▶ **TASK DIRECTIONS**
Each line of the data must reappear exactly in your answer, with no images included.

•••

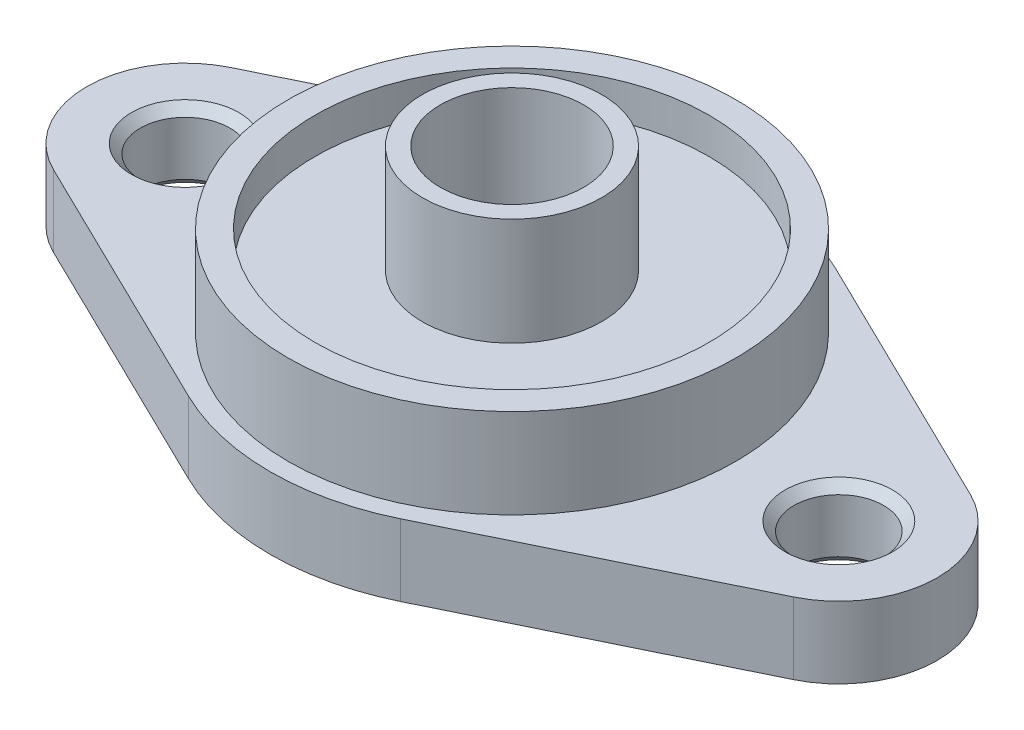
from build123d import *

# Parameters (mm, degrees)
CROQUIS1_R              = 4
CROQUIS1_R_2            = 2.5
SALIENTE_EXTRUIR1_DEPTH = 4
CROQUIS2_R              = 5
CROQUIS2_R_2            = 4
SALIENTE_EXTRUIR2_DEPTH = 9
CROQUIS3_R              = 12.5
CROQUIS3_R_2            = 11
SALIENTE_EXTRUIR3_DEPTH = 5
CROQUIS5_R              = 11
CROQUIS5_R_2            = 5
SALIENTE_EXTRUIR4_DEPTH = 3
CHAFL_N1_SIZE           = 0.5


with BuildPart() as part:
    # Croquis1 → Saliente-Extruir1 (new body)
    with BuildSketch(Plane(origin=(0, 0, 0), x_dir=(1, 0, 0), z_dir=(0, 1, 0))):
        with BuildLine():
            Line((-5.917808219, 12.133818273), (-20.660958904, 4.943407445))
            ThreePointArc((-20.660958904, 4.943407445), (-23.75, 0), (-20.660958904, -4.943407445))
            Line((-20.660958904, -4.943407445), (-5.917808219, -12.133818273))
            ThreePointArc((-5.917808219, -12.133818273), (0, -13.5), (5.917808219, -12.133818273))
            Line((5.917808219, -12.133818273), (20.660958904, -4.943407445))
            ThreePointArc((20.660958904, -4.943407445), (23.75, 0), (20.660958904, 4.943407445))
            Line((20.660958904, 4.943407445), (5.917808219, 12.133818273))
            ThreePointArc((5.917808219, 12.133818273), (0, 13.5), (-5.917808219, 12.133818273))
        make_face()
        with Locations(Location((0, 0, 0), (0, 0, 270))):
            Circle(CROQUIS1_R, mode=Mode.SUBTRACT)
        with Locations(Location((-18.25, 0, 0), (0, 0, 270))):
            Circle(CROQUIS1_R_2, mode=Mode.SUBTRACT)
        with Locations(Location((18.25, 0, 0), (0, 0, 270))):
            Circle(CROQUIS1_R_2, mode=Mode.SUBTRACT)
    extrude(amount=SALIENTE_EXTRUIR1_DEPTH)

    # Croquis2 → Saliente-Extruir2 (add)
    with BuildSketch(Plane(origin=(0, 4, 0), x_dir=(1, 0, 0), z_dir=(0, 1, 0))):
        with Locations(Location((0, 0, 0), (0, 0, 270))):
            Circle(CROQUIS2_R)
        with Locations(Location((0, 0, 0), (0, 0, 270))):
            Circle(CROQUIS2_R_2, mode=Mode.SUBTRACT)
    extrude(amount=SALIENTE_EXTRUIR2_DEPTH)

    # Croquis3 → Saliente-Extruir3 (add)
    with BuildSketch(Plane(origin=(0, 4, 0), x_dir=(1, 0, 0), z_dir=(0, 1, 0))):
        with Locations(Location((0, 0, 0), (0, 0, 270))):
            Circle(CROQUIS3_R)
        with Locations(Location((0, 0, 0), (0, 0, 270))):
            Circle(CROQUIS3_R_2, mode=Mode.SUBTRACT)
    extrude(amount=SALIENTE_EXTRUIR3_DEPTH)

    # Croquis5 → Saliente-Extruir4 (add)
    with BuildSketch(Plane(origin=(0, 4, 0), x_dir=(1, 0, 0), z_dir=(0, 1, 0))):
        with Locations(Location((0, 0, 0), (0, 0, 270))):
            Circle(CROQUIS5_R)
        with Locations(Location((0, 0, 0), (0, 0, 270))):
            Circle(CROQUIS5_R_2, mode=Mode.SUBTRACT)
    extrude(amount=SALIENTE_EXTRUIR4_DEPTH)

    # Chaflán1
    chafl_n1_edges = [part.edges().sort_by_distance(p)[0] for p in [
        (-18.25, 0, -2.5),
        (-18.25, 4, -2.5),
        (18.25, 0, -2.5),
        (18.25, 4, -2.5),
    ]]
    chamfer(chafl_n1_edges, length=CHAFL_N1_SIZE)


solid = part.part

•••

▶ **YOUR SOLUTION**
from build123d import *

# Parameters (mm, degrees)
CROQUIS1_R              = 4
CROQUIS1_R_2            = 2.5
SALIENTE_EXTRUIR1_DEPTH = 4
CROQUIS2_R              = 5
CROQUIS2_R_2            = 4
SALIENTE_EXTRUIR2_DEPTH = 9
CROQUIS3_R              = 12.5
CROQUIS3_R_2            = 11
SALIENTE_EXTRUIR3_DEPTH = 5
CROQUIS5_R              = 11
CROQUIS5_R_2            = 5
SALIENTE_EXTRUIR4_DEPTH = 3
CHAFL_N1_SIZE           = 0.5


with BuildPart() as part:
    # Croquis1 → Saliente-Extruir1 (new body)
    with BuildSketch(Plane(origin=(0, 0, 0), x_dir=(1, 0, 0), z_dir=(0, 1, 0))):
        with BuildLine():
            Line((-5.917808219, 12.133818273), (-20.660958904, 4.943407445))
            ThreePointArc((-20.660958904, 4.943407445), (-23.75, 0), (-20.660958904, -4.943407445))
            Line((-20.660958904, -4.943407445), (-5.917808219, -12.133818273))
            ThreePointArc((-5.917808219, -12.133818273), (0, -13.5), (5.917808219, -12.133818273))
            Line((5.917808219, -12.133818273), (20.660958904, -4.943407445))
            ThreePointArc((20.660958904, -4.943407445), (23.75, 0), (20.660958904, 4.943407445))
            Line((20.660958904, 4.943407445), (5.917808219, 12.133818273))
            ThreePointArc((5.917808219, 12.133818273), (0, 13.5), (-5.917808219, 12.133818273))
        make_face()
        with Locations(Location((0, 0, 0), (0, 0, 270))):
            Circle(CROQUIS1_R, mode=Mode.SUBTRACT)
        with Locations(Location((-18.25, 0, 0), (0, 0, 270))):
            Circle(CROQUIS1_R_2, mode=Mode.SUBTRACT)
        with Locations(Location((18.25, 0, 0), (0, 0, 270))):
            Circle(CROQUIS1_R_2, mode=Mode.SUBTRACT)
    extrude(amount=SALIENTE_EXTRUIR1_DEPTH)

    # Croquis2 → Saliente-Extruir2 (add)
    with BuildSketch(Plane(origin=(0, 4, 0), x_dir=(1, 0, 0), z_dir=(0, 1, 0))):
        with Locations(Location((0, 0, 0), (0, 0, 270))):
            Circle(CROQUIS2_R)
        with Locations(Location((0, 0, 0), (0, 0, 270))):
            Circle(CROQUIS2_R_2, mode=Mode.SUBTRACT)
    extrude(amount=SALIENTE_EXTRUIR2_DEPTH)

    # Croquis3 → Saliente-Extruir3 (add)
    with BuildSketch(Plane(origin=(0, 4, 0), x_dir=(1, 0, 0), z_dir=(0, 1, 0))):
        with Locations(Location((0, 0, 0), (0, 0, 270))):
            Circle(CROQUIS3_R)
        with Locations(Location((0, 0, 0), (0, 0, 270))):
            Circle(CROQUIS3_R_2, mode=Mode.SUBTRACT)
    extrude(amount=SALIENTE_EXTRUIR3_DEPTH)

    # Croquis5 → Saliente-Extruir4 (add)
    with BuildSketch(Plane(origin=(0, 4, 0), x_dir=(1, 0, 0), z_dir=(0, 1, 0))):
        with Locations(Location((0, 0, 0), (0, 0, 270))):
            Circle(CROQUIS5_R)
        with Locations(Location((0, 0, 0), (0, 0, 270))):
            Circle(CROQUIS5_R_2, mode=Mode.SUBTRACT)
    extrude(amount=SALIENTE_EXTRUIR4_DEPTH)

    # Chaflán1
    chafl_n1_edges = [part.edges().sort_by_distance(p)[0] for p in [
        (-18.25, 0, -2.5),
        (-18.25, 4, -2.5),
        (18.25, 0, -2.5),
        (18.25, 4, -2.5),
    ]]
    chamfer(chafl_n1_edges, length=CHAFL_N1_SIZE)


solid = part.part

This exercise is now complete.